I'm talking about the third plural form of medium/passive perfect, in Ancient Greek.

My grammar explains that some very simple verb like παιδεύω may be inflected that way :

1S πεπαίδευ-μαι  > πεπαίδευμαι
2S πεπαίδευ-σαι  > πεπαίδευσαι
3S πεπαίδευ-ται  > πεπαίδευται
1P πεπαιδεύ-μεθα > πεπαιδεύμεθα
2P πεπαίδευ-σθε  > πεπαίδευσθε
3P πεπαίδευ-νται > πεπαίδευνται
2D πεπαίδευ-σθον > πεπαίδευσθον
3D πεπαίδευ-σθον > πεπαίδευσθον

Things become more interessant for radicals with an occlusive like βλέπω :

1S βεβλεπ-μαι > βέβλεμμαι
2S βεβλεπ-σαι > βέβλεψαι    
3S βεβλεπ-ται > βέβλεπται
1P βεβλεπ-μεθα> βεβλέμμεθα
2P βεβλεπ-σθε > βέβλεφθε
3P βεβλεπ-νται> ?
2D βεβλεπ-σθον> βέβλεφθον
3D βεβλεπ-σθον> βέβλεφθον

I know the rules explaining all these forms but the 3P. Obviously, as stated here, the hypothetical 3P form would be difficult to pronounce and was replaced by "βεβλεμμένοι εἰσί". But what was this hypothetical form ? What are the phonetic laws applying here to -πντ- ?
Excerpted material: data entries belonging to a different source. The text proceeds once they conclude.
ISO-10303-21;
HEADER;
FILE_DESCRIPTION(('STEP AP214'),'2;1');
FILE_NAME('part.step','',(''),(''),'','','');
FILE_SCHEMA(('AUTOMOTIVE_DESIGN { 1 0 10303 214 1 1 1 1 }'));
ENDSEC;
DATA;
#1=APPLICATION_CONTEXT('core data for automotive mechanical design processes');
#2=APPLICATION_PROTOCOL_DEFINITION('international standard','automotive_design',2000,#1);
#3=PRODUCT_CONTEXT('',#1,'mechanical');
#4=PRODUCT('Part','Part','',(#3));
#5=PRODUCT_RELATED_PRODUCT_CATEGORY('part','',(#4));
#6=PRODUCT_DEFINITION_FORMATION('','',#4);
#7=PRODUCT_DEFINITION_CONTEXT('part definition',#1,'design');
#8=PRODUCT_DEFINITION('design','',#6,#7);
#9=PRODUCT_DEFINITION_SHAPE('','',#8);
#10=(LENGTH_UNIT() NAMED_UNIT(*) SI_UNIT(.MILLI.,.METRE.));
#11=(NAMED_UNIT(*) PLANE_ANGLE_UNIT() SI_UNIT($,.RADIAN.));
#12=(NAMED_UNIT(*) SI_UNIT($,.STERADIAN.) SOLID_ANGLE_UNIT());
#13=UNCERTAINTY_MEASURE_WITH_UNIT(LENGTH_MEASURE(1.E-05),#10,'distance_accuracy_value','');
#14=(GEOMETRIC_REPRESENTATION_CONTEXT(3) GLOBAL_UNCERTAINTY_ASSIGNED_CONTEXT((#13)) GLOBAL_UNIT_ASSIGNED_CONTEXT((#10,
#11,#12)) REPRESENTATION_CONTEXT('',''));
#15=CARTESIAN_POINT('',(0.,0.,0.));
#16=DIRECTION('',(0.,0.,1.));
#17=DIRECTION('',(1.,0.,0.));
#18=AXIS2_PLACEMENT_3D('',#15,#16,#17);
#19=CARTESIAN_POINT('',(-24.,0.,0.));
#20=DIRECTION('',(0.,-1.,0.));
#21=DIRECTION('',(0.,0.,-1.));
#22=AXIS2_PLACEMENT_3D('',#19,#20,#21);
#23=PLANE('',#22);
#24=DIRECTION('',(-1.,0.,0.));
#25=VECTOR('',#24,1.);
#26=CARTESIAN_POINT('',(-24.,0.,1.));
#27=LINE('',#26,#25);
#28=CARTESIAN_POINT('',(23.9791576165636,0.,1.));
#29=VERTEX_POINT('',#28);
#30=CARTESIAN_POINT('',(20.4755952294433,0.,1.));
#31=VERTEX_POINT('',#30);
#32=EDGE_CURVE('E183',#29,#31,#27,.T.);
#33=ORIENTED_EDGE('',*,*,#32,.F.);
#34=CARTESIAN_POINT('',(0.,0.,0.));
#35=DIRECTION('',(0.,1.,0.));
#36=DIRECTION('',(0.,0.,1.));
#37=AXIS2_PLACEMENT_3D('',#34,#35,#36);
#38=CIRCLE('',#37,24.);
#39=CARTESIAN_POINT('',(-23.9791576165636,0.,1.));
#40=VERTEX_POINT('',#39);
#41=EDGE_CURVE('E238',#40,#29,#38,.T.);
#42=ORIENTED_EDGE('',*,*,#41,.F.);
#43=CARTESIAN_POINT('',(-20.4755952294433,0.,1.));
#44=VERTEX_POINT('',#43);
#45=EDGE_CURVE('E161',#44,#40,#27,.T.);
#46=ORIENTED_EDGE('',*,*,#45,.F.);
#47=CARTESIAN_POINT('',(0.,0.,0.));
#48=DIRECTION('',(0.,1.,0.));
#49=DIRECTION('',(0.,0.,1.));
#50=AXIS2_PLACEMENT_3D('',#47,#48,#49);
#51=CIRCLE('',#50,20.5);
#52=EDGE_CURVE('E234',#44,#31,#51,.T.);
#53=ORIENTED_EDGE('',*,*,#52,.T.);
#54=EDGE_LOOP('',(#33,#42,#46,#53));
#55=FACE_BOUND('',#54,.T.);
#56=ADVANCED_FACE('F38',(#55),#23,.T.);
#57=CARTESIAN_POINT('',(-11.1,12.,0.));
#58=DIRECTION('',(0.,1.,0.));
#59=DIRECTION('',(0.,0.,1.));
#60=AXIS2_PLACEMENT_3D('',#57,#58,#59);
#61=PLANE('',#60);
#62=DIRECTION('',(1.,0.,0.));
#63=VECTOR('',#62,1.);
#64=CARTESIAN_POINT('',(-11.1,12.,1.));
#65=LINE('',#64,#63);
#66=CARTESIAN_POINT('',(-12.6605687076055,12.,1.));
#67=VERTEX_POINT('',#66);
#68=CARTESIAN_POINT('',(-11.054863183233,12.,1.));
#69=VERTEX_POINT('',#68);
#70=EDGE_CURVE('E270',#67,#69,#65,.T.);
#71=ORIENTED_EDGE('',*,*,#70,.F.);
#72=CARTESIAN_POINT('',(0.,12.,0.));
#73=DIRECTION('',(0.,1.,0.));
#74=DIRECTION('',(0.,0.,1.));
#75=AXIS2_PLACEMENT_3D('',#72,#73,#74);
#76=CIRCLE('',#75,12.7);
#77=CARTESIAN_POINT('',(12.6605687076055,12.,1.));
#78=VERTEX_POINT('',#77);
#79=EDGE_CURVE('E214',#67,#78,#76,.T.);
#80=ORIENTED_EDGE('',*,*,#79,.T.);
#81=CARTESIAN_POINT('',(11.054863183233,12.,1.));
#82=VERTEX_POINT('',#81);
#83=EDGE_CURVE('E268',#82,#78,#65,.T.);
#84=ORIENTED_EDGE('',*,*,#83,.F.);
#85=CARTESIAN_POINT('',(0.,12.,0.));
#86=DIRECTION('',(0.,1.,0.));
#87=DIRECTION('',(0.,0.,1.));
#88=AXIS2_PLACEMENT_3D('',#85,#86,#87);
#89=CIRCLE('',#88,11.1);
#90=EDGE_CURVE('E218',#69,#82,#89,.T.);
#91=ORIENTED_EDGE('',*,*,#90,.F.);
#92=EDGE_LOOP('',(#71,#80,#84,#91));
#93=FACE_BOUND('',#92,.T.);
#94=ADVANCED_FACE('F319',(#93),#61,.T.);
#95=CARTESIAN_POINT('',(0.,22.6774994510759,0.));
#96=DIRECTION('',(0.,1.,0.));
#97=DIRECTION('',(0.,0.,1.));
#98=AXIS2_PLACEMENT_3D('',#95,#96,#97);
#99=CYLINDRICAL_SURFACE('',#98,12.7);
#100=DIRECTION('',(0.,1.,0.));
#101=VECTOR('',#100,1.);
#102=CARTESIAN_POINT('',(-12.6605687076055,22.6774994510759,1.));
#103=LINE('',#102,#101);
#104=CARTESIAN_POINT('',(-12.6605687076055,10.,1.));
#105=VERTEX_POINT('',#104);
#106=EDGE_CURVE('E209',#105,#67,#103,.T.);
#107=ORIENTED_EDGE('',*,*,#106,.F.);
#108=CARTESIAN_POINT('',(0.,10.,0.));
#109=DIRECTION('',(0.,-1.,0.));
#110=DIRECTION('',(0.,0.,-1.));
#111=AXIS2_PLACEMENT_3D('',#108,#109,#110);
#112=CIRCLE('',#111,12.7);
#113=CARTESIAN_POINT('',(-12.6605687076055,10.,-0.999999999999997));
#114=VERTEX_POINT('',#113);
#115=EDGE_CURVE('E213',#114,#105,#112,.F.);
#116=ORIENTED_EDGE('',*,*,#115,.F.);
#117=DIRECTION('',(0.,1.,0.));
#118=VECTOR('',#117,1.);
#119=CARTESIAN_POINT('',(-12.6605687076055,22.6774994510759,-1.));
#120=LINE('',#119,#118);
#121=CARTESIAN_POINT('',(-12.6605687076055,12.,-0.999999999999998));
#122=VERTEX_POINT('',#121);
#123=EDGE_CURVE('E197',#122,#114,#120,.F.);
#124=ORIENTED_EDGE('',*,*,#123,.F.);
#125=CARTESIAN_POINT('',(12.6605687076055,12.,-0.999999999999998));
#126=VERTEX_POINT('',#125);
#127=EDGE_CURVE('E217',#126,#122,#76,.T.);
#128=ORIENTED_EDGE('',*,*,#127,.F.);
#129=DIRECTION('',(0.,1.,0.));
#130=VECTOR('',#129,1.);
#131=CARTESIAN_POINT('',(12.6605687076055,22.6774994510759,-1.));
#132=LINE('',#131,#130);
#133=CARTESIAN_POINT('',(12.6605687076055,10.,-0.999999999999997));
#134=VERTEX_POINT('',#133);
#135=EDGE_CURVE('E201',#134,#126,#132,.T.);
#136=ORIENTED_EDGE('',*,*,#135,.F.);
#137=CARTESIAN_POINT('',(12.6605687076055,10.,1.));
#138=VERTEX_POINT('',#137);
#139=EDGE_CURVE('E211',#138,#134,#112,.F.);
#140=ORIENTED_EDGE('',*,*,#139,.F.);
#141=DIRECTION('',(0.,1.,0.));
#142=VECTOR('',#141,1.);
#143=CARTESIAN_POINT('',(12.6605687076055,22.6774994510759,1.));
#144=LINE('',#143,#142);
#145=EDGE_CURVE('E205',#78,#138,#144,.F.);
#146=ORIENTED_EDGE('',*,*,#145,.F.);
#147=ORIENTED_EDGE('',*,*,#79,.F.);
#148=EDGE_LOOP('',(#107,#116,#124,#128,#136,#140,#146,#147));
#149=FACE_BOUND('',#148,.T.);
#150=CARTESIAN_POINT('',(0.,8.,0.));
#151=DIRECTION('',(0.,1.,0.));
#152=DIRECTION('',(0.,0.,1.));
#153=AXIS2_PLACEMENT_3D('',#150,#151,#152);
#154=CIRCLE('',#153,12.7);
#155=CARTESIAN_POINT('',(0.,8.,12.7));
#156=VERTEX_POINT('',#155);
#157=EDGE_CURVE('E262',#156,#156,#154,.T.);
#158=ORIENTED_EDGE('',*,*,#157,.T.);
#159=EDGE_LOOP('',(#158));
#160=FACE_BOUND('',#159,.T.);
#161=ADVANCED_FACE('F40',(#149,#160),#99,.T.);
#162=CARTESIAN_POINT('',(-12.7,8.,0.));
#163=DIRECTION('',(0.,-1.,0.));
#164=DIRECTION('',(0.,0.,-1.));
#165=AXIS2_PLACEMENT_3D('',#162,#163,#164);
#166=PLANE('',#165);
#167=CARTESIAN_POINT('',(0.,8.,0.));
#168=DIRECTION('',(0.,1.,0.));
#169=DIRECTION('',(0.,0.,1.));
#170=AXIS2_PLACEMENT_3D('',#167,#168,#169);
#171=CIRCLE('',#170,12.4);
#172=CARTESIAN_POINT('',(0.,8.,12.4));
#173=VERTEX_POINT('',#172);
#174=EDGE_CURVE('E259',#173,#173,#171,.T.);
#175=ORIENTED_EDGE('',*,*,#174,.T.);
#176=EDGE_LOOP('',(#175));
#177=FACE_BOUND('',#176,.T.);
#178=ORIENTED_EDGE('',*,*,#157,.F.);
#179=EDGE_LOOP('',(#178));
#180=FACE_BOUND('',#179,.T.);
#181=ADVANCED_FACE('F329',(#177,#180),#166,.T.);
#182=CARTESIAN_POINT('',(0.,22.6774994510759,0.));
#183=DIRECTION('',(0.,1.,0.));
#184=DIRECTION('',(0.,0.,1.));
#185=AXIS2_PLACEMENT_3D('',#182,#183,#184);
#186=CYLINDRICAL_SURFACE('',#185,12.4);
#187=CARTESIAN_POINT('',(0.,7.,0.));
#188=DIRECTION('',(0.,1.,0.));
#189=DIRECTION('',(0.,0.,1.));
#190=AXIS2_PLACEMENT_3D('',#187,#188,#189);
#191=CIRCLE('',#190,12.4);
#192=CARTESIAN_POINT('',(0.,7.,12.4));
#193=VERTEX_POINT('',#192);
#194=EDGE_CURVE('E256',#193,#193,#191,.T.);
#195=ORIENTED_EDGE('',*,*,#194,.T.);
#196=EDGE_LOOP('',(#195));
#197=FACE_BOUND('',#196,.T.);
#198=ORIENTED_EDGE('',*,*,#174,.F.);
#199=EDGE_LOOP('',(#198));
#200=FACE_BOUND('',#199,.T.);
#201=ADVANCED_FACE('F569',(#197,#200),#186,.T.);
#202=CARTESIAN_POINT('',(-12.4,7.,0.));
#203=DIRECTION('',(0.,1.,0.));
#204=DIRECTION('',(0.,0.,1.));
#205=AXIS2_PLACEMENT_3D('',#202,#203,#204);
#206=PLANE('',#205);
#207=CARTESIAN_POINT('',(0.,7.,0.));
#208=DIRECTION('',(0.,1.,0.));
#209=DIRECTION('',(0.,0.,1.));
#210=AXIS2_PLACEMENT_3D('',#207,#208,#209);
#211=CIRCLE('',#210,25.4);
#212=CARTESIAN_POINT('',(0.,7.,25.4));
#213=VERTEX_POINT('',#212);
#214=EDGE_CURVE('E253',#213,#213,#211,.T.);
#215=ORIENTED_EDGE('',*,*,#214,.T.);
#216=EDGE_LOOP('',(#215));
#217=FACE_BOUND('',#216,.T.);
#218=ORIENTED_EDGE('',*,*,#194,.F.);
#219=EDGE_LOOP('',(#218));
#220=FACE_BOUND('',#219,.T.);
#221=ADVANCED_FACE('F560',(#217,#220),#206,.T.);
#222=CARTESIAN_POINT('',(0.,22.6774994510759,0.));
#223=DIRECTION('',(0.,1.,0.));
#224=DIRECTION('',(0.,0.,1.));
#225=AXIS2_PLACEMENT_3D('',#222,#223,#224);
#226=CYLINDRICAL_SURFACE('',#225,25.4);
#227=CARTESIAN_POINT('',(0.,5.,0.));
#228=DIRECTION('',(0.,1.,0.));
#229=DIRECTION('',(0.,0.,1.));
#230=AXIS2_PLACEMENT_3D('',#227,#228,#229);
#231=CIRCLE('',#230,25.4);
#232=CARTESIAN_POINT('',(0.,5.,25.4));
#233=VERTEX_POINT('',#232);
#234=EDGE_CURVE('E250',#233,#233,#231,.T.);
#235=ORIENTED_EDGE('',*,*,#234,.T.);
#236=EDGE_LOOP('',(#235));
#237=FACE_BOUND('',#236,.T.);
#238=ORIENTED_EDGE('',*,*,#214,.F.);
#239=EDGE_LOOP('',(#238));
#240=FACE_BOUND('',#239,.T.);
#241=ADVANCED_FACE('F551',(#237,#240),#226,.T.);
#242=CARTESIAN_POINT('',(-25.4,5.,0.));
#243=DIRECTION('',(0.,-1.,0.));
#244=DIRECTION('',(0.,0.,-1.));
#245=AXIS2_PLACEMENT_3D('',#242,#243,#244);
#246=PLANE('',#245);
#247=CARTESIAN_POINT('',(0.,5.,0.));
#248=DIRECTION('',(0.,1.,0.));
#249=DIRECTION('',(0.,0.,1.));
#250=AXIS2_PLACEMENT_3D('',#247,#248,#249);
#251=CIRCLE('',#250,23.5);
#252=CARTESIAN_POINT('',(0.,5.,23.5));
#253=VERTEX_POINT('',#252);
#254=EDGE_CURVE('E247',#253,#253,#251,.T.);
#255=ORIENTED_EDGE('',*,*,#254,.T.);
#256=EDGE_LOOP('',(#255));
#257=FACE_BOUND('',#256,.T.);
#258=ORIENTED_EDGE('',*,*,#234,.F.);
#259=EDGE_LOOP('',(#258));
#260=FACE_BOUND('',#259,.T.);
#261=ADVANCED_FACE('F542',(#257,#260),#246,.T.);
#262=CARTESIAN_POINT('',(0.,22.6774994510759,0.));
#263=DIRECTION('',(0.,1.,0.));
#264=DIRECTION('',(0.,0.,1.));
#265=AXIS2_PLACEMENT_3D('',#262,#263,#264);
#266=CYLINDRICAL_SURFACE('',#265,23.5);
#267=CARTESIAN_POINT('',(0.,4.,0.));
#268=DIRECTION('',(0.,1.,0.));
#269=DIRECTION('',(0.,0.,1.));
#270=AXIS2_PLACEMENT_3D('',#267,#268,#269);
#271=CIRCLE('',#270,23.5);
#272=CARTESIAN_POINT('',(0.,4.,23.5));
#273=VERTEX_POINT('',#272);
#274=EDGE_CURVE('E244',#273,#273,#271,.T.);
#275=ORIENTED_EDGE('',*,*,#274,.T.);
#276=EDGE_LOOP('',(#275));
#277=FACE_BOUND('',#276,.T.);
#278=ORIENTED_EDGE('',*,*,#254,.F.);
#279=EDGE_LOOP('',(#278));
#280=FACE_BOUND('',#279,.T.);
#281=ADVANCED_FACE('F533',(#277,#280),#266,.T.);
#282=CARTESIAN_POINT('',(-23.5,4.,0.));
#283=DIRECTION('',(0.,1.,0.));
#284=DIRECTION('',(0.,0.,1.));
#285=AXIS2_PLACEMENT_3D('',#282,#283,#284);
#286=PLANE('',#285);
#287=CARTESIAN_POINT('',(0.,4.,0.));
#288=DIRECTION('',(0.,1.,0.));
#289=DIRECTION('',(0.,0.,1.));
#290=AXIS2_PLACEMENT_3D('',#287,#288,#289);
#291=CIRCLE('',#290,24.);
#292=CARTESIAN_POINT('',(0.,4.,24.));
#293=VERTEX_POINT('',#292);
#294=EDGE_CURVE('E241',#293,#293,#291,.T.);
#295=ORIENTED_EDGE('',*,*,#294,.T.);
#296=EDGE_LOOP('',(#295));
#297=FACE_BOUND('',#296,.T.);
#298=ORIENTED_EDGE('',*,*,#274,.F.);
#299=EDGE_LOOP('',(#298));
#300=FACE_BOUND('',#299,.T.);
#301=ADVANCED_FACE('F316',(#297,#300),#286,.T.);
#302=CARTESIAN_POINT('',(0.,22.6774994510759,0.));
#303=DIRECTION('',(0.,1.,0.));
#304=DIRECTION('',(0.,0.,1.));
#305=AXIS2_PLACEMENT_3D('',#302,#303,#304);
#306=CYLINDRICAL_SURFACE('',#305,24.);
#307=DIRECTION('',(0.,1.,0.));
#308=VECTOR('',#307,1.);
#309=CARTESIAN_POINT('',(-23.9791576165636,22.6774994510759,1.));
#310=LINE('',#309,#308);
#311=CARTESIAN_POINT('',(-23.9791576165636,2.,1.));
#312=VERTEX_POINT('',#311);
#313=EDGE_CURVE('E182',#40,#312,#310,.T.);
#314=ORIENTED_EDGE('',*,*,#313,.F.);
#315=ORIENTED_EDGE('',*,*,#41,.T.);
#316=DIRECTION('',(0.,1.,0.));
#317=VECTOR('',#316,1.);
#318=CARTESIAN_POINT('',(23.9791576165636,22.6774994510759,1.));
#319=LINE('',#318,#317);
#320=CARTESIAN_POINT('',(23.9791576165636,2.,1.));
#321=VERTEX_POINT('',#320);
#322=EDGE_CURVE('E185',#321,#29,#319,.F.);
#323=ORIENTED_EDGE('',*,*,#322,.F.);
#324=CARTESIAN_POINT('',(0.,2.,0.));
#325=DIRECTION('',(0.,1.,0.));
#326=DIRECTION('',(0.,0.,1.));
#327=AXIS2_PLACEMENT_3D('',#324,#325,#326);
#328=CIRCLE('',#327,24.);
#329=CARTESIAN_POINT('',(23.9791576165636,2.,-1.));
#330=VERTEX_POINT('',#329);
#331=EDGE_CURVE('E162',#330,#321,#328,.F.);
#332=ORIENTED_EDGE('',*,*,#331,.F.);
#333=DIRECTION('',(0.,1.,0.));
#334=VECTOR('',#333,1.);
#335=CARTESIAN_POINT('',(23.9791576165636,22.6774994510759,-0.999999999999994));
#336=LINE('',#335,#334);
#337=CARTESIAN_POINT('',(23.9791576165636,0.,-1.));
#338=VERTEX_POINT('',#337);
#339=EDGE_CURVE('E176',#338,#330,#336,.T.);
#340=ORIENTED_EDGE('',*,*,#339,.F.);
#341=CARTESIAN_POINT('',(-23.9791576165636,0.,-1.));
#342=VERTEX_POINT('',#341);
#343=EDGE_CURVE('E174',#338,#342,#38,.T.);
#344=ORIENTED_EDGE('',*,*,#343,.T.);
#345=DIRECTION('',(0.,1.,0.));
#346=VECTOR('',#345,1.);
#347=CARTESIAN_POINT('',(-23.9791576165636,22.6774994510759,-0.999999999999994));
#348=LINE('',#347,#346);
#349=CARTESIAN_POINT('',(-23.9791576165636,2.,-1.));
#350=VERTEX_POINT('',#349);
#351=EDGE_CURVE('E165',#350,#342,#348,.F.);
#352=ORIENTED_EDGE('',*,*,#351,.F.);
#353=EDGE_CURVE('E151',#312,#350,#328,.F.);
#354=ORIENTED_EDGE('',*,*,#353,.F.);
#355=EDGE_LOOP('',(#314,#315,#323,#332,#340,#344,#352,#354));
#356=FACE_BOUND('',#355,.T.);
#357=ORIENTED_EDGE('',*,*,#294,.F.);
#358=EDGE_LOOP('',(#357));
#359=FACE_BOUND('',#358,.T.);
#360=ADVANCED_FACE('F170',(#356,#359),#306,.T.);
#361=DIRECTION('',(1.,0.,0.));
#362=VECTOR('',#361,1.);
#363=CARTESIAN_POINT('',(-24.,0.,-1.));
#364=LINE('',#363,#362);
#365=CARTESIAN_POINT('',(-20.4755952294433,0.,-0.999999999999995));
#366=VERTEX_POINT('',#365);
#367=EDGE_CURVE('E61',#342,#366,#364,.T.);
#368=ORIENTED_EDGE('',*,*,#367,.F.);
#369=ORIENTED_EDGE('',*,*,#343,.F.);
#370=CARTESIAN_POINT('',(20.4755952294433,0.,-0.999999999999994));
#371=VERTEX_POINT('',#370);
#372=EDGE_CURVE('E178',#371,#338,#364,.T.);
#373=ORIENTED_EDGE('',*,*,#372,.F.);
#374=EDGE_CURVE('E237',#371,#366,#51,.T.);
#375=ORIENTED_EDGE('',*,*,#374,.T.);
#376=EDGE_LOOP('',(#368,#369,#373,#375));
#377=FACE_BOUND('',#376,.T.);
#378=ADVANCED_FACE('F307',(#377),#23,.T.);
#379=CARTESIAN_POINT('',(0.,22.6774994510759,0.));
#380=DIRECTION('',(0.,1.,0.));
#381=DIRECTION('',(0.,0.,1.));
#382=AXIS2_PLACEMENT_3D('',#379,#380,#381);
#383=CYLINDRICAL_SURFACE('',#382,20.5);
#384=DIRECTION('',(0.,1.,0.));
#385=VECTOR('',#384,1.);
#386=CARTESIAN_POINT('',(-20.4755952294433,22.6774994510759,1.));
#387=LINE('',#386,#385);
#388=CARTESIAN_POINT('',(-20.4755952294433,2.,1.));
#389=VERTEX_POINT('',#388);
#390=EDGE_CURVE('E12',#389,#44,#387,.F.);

addendum : I find here (p. 5) the interessant form λελειφαται, alas without any reference.

addendum #2 : τετρίφαται in Herodot 2.93

1 Answer 1


It would be βεβλέπαται. The [n] between consonants would be syllabic, and syllabic [n] went to [a] in Greek. This is the origin of the -αται 3pl. ending in the forms you mention, and also of 3pl. -ατο in the pluperfect. In some verbs these endings were retained, especially outside of Attic (e.g. Homer or Herodotus); but in Attic, these forms were replaced by periphrases. (Although there are Attic examples of -αται: e.g. Thucydides has τετάχαται, ἐτετάχατο.) Presumably this happened because -αται/-ατο don't look much like 3pl. endings, since they don't have a nasal.

  • Thank you for all the details, it was a very interesting answer. May I ask you the following questions ? (1) Is the first α in αται a long vowel ? (2) How can you be sure that the π isn't replaced by a β or by a φ as in τετρίφαται (Herodot.2.93). Thank you very much !
    – suizokukan
    May 5, 2014 at 7:30
  • 1
    The α is short (because it comes from a syllabic nasal, which would have been 'short', i.e. one mora). For question (2), yes, it's possible that the actual form would be βεβλέφαται (this change is always to aspirates, so not βεβλέβαται), but if so, this would not be due to regular sound change, but to an additional analogical change. It's not quite certain what the origin of the aspirate in forms like τετρίφαται is: possibly it comes from forms like 2pl. τέτριφθε and inf. τετρίφθαι (where it's regular, -πσθ- ⟩ φθ).
    – TKR
    May 5, 2014 at 16:55
  • Thank you so much for sharing these informations, they're precious to me.